Assigned task: Keep only those lines of the records that include the string "Circle".

The input below:

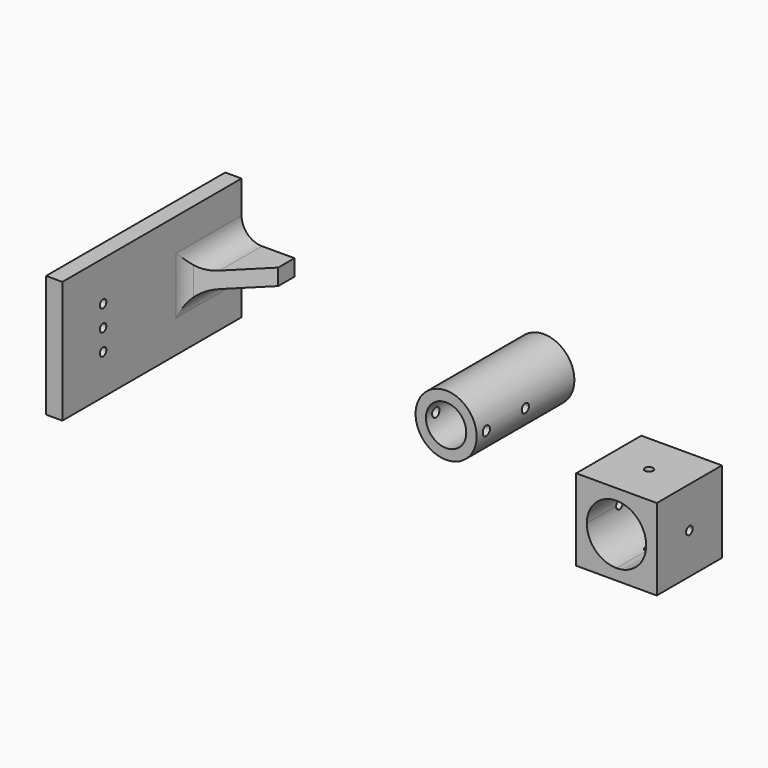
from build123d import *

# Parameters (mm, degrees)
F0_R         = 7.5
F0_R_2       = 4.95
F1_DEPTH     = 30
F4_DEPTH     = 25
F6_DEPTH     = 20
F8_DEPTH     = 21
F10_DEPTH    = 21
F11_W        = 30
F11_H        = 30
F12_DEPTH    = 4
F13_W        = 4
F13_H        = 13
F14_DEPTH    = 25
F15_DEPTH    = 30
F16_DEPTH    = 30
F18_DEPTH    = 5
F19_T4_DEPTH = 132.5841493983
F20_R        = 5
F22_DEPTH    = 5


# Not quite as in the source:
# - a fillet or chamfer that OpenCascade refuses, or shapes differently, is made with other operations: its cross-section is extruded or revolved along the edge and cut away or added


with BuildPart() as f1:
    # F0 (on Front) → F1 (new body)
    with BuildSketch(Plane.XZ):
        Circle(F0_R)
        Circle(F0_R_2, mode=Mode.SUBTRACT)
    extrude(amount=-F1_DEPTH)

    # F3 (on offset) → F4 (cut)
    with BuildSketch(Plane.YZ.offset(7.5)):
        with BuildLine():
            Line((1.8706106639, 0), (2.9919834342, 0))
            Line((2.9919834342, 0), (4.1133562045, 0))
            ThreePointArc((4.1133562045, 0), (2.9919834342, 1.1213727703), (1.8706106639, 0))
        make_face()
        with BuildLine():
            Line((4.1133562045, 0), (2.9919834342, 0))
            Line((2.9919834342, 0), (1.8706106639, 0))
            ThreePointArc((1.8706106639, 0), (2.9919834342, -1.1213727703), (4.1133562045, 0))
        make_face()
        with BuildLine():
            ThreePointArc((14.9805936962, 1.0938833623), (14.2071013529, 0.7734923433), (13.8867103339, 0))
            Line((13.8867103339, 0), (14.9805936962, 0))
            Line((14.9805936962, 0), (14.9805936962, 1.0938833623))
        make_face()
        with BuildLine():
            Line((14.9805936962, 0), (13.8867103339, 0))
            ThreePointArc((13.8867103339, 0), (14.9805936962, -1.0938833623), (16.0744770585, 0))
            Line((16.0744770585, 0), (14.9805936962, 0))
        make_face()
        with BuildLine():
            Line((14.9805936962, 1.0938833623), (14.9805936962, 0))
            Line((14.9805936962, 0), (16.0744770585, 0))
            ThreePointArc((16.0744770585, 0), (15.7540860395, 0.7734923433), (14.9805936962, 1.0938833623))
        make_face()
    extrude(amount=-F4_DEPTH, mode=Mode.SUBTRACT)


with BuildPart() as f6:
    # F5 (on Front) → F6 (new body)
    with BuildSketch(Plane.XZ):
        with BuildLine():
            Line((41.8351665139, 0), (31.9413468242, 0))
            Line((31.9413468242, 0), (31.9413468242, -10))
            Line((31.9413468242, -10), (34.5435520147, -10))
            ThreePointArc((34.5435520147, -10), (36.6792164557, -4.8440499418), (41.8351665139, -2.7083855008))
            Line((41.8351665139, -2.7083855008), (41.8351665139, 0))
        make_face()
        with BuildLine():
            Line((51.7289862037, 0), (41.8351665139, 0))
            Line((41.8351665139, 0), (41.8351665139, -2.7083855008))
            ThreePointArc((41.8351665139, -2.7083855008), (46.9911165721, -4.8440499418), (49.1267810131, -10))
            Line((49.1267810131, -10), (51.7289862037, -10))
            Line((51.7289862037, -10), (51.7289862037, 0))
        make_face()
        with BuildLine():
            Line((51.7289862037, -20), (51.7289862037, -10))
            Line((51.7289862037, -10), (49.1267810131, -10))
            ThreePointArc((49.1267810131, -10), (46.9911165721, -15.1559500582), (41.8351665139, -17.2916144992))
            Line((41.8351665139, -17.2916144992), (41.8351665139, -20))
            Line((41.8351665139, -20), (51.7289862037, -20))
        make_face()
        with BuildLine():
            Line((34.5435520147, -10), (31.9413468242, -10))
            Line((31.9413468242, -10), (31.9413468242, -20))
            Line((31.9413468242, -20), (41.8351665139, -20))
            Line((41.8351665139, -20), (41.8351665139, -17.2916144992))
            ThreePointArc((41.8351665139, -17.2916144992), (36.6792164557, -15.1559500582), (34.5435520147, -10))
        make_face()
    extrude(amount=-F6_DEPTH)

    # F7 (on face) → F8 (cut)
    with BuildSketch(Plane.YZ.offset(51.7289862037)):
        with BuildLine():
            ThreePointArc((11, -10), (10.7071067812, -9.2928932188), (10, -9))
            Line((10, -9), (10, -11))
            ThreePointArc((10, -11), (10.7071067812, -10.7071067812), (11, -10))
        make_face()
        with BuildLine():
            Line((10, -11), (10, -9))
            ThreePointArc((10, -9), (9, -10), (10, -11))
        make_face()
    extrude(amount=-F8_DEPTH, mode=Mode.SUBTRACT)

    # F9 (on face) → F10 (cut)
    with BuildSketch(Plane.XY):
        with BuildLine():
            ThreePointArc((42.8351665139, 10), (42.5422732951, 10.7071067812), (41.8351665139, 11))
            Line((41.8351665139, 11), (41.8351665139, 9))
            ThreePointArc((41.8351665139, 9), (42.5422732951, 9.2928932188), (42.8351665139, 10))
        make_face()
        with BuildLine():
            Line((41.8351665139, 9), (41.8351665139, 11))
            ThreePointArc((41.8351665139, 11), (40.8351665139, 10), (41.8351665139, 9))
        make_face()
    extrude(amount=-F10_DEPTH, mode=Mode.SUBTRACT)


with BuildPart() as f12:
    # F11 (on Top) → F12 (new body)
    with BuildSketch(Plane.XY):
        with Locations((-76.2343985998, 15)):
            Rectangle(F11_W, F11_H)
    extrude(amount=F12_DEPTH)

    # F13 (on face) → F14 (join)
    with BuildSketch(Plane.XZ):
        with Locations((-76.2343985998, -6.5)):
            Rectangle(F13_W, F13_H)
        Polygon((-74.4660645723, 4), (-78.2343985998, 4), (-78.2343985998, 0), (-74.2343985998, 0), (-74.2343985998, 4), align=None)
        Polygon((-78.2343985998, 17), (-78.2343985998, 4), (-74.4660645723, 4), (-74.2343985998, 4), (-74.2343985998, 17), align=None)
    extrude(amount=F14_DEPTH)

    # F15 (add): a face of the model
    f15_faces = [f12.faces().sort_by_distance(p)[0] for p in [
        (-76.2343985998, 0, -6.5),
    ]]
    extrude(f15_faces, amount=F15_DEPTH)

    # F16 (add): a face of the model
    f16_faces = [f12.faces().sort_by_distance(p)[0] for p in [
        (-76.2343985998, 0, 10.5),
    ]]
    extrude(f16_faces, amount=F16_DEPTH)

    # F17 (on face) → F18 (cut)
    with BuildSketch(Plane(origin=(-78.2343985998, 0, 0), x_dir=(0, -1, 0), z_dir=(-1, 0, 0))):
        with BuildLine():
            ThreePointArc((12.5, 1), (13.2071067812, 1.2928932188), (13.5, 2))
            Line((13.5, 2), (12.5, 2))
            Line((12.5, 2), (12.5, 1))
        make_face()
        with BuildLine():
            Line((12.5, 2), (13.5, 2))
            ThreePointArc((13.5, 2), (13.2071067812, 2.7071067812), (12.5, 3))
            Line((12.5, 3), (12.5, 2))
        make_face()
        with BuildLine():
            ThreePointArc((13.5, -3.2), (13.2071067812, -2.4928932188), (12.5, -2.2))
            ThreePointArc((12.5, -2.2), (11.7928932188, -3.9071067812), (13.5, -3.2))
        make_face()
        with BuildLine():
            ThreePointArc((13.5, 7.2002243251), (11.7928932188, 7.9073311062), (12.5, 6.2002243251))
            ThreePointArc((12.5, 6.2002243251), (13.2071067812, 6.4931175439), (13.5, 7.2002243251))
        make_face()
        with BuildLine():
            Line((12.5, 1), (12.5, 2))
            Line((12.5, 2), (11.5, 2))
            ThreePointArc((11.5, 2), (11.7928932188, 1.2928932188), (12.5, 1))
        make_face()
        with BuildLine():
            Line((11.5, 2), (12.5, 2))
            Line((12.5, 2), (12.5, 3))
            ThreePointArc((12.5, 3), (11.7928932188, 2.7071067812), (11.5, 2))
        make_face()
    extrude(amount=-F18_DEPTH, mode=Mode.SUBTRACT)

    # F19: chamfer of 25 on 1 edges, made by hand


with BuildPart() as f19_tool2:
    # F19_s3 → F19_t4 (new body)
    with BuildSketch(Plane.XY.offset(-64.2920746991)):
        Polygon((-61.2343985998, 25), (-86.2343985998, 0), (-61.2343985998, 0), align=None)
    extrude(amount=F19_T4_DEPTH)

    split(bisect_by=Plane.YZ.offset(-74.2343985998), keep=Keep.TOP)


with BuildPart() as f12_1:
    add(f12.part)

    # F19_t1: cut F19_tool2
    add(f19_tool2.part, mode=Mode.SUBTRACT)

    # F20
    f20_edges = [f12_1.edges().sort_by_distance(p)[0] for p in [
        (-74.234399, 12, 2),
        (-74.234399, 21, 0),
        (-74.234399, 21, 4),
    ]]
    fillet(f20_edges, radius=F20_R)

    # F21 (on face) → F22 (cut)
    with BuildSketch(Plane(origin=(0, 0, 0), x_dir=(1, 0, 0), z_dir=(0, 0, -1))):
        with BuildLine():
            ThreePointArc((-84.7343985998, -24), (-85.7343985998, -25), (-84.7343985998, -26))
            Line((-84.7343985998, -26), (-84.7343985998, -24))
        make_face()
        with BuildLine():
            Line((-84.7343985998, -24), (-84.7343985998, -26))
            ThreePointArc((-84.7343985998, -26), (-84.0272918186, -25.7071067812), (-83.7343985998, -25))
            ThreePointArc((-83.7343985998, -25), (-84.0272918186, -24.2928932188), (-84.7343985998, -24))
        make_face()
        with BuildLine():
            ThreePointArc((-84.7343985998, -18.8739860207), (-85.7343985998, -19.8739860207), (-84.7343985998, -20.8739860207))
            Line((-84.7343985998, -20.8739860207), (-84.7343985998, -18.8739860207))
        make_face()
        with BuildLine():
            Line((-84.7343985998, -18.8739860207), (-84.7343985998, -20.8739860207))
            ThreePointArc((-84.7343985998, -20.8739860207), (-84.0272918186, -20.5810928019), (-83.7343985998, -19.8739860207))
            ThreePointArc((-83.7343985998, -19.8739860207), (-84.0272918186, -19.1668792395), (-84.7343985998, -18.8739860207))
        make_face()
        with BuildLine():
            ThreePointArc((-84.7343985998, -13.8739860207), (-85.7343985998, -14.8739860207), (-84.7343985998, -15.8739860207))
            Line((-84.7343985998, -15.8739860207), (-84.7343985998, -13.8739860207))
        make_face()
        with BuildLine():
            Line((-84.7343985998, -13.8739860207), (-84.7343985998, -15.8739860207))
            ThreePointArc((-84.7343985998, -15.8739860207), (-84.0272918186, -15.5810928019), (-83.7343985998, -14.8739860207))
            ThreePointArc((-83.7343985998, -14.8739860207), (-84.0272918186, -14.1668792395), (-84.7343985998, -13.8739860207))
        make_face()
        with BuildLine():
            Line((-84.7343985998, -11.3524029255), (-84.7343985998, -9.3524029255))
            ThreePointArc((-84.7343985998, -9.3524029255), (-85.7343985998, -10.3524029255), (-84.7343985998, -11.3524029255))
        make_face()
        with BuildLine():
            ThreePointArc((-83.7343985998, -10.3524029255), (-84.0272918186, -9.6452961443), (-84.7343985998, -9.3524029255))
            Line((-84.7343985998, -9.3524029255), (-84.7343985998, -11.3524029255))
            ThreePointArc((-84.7343985998, -11.3524029255), (-84.0272918186, -11.0595097067), (-83.7343985998, -10.3524029255))
        make_face()
    extrude(amount=-F22_DEPTH, mode=Mode.SUBTRACT)


solid = Compound([f1.part, f6.part, f12_1.part])

End of The input.

Exercise solution:
        Circle(F0_R)
        Circle(F0_R_2, mode=Mode.SUBTRACT)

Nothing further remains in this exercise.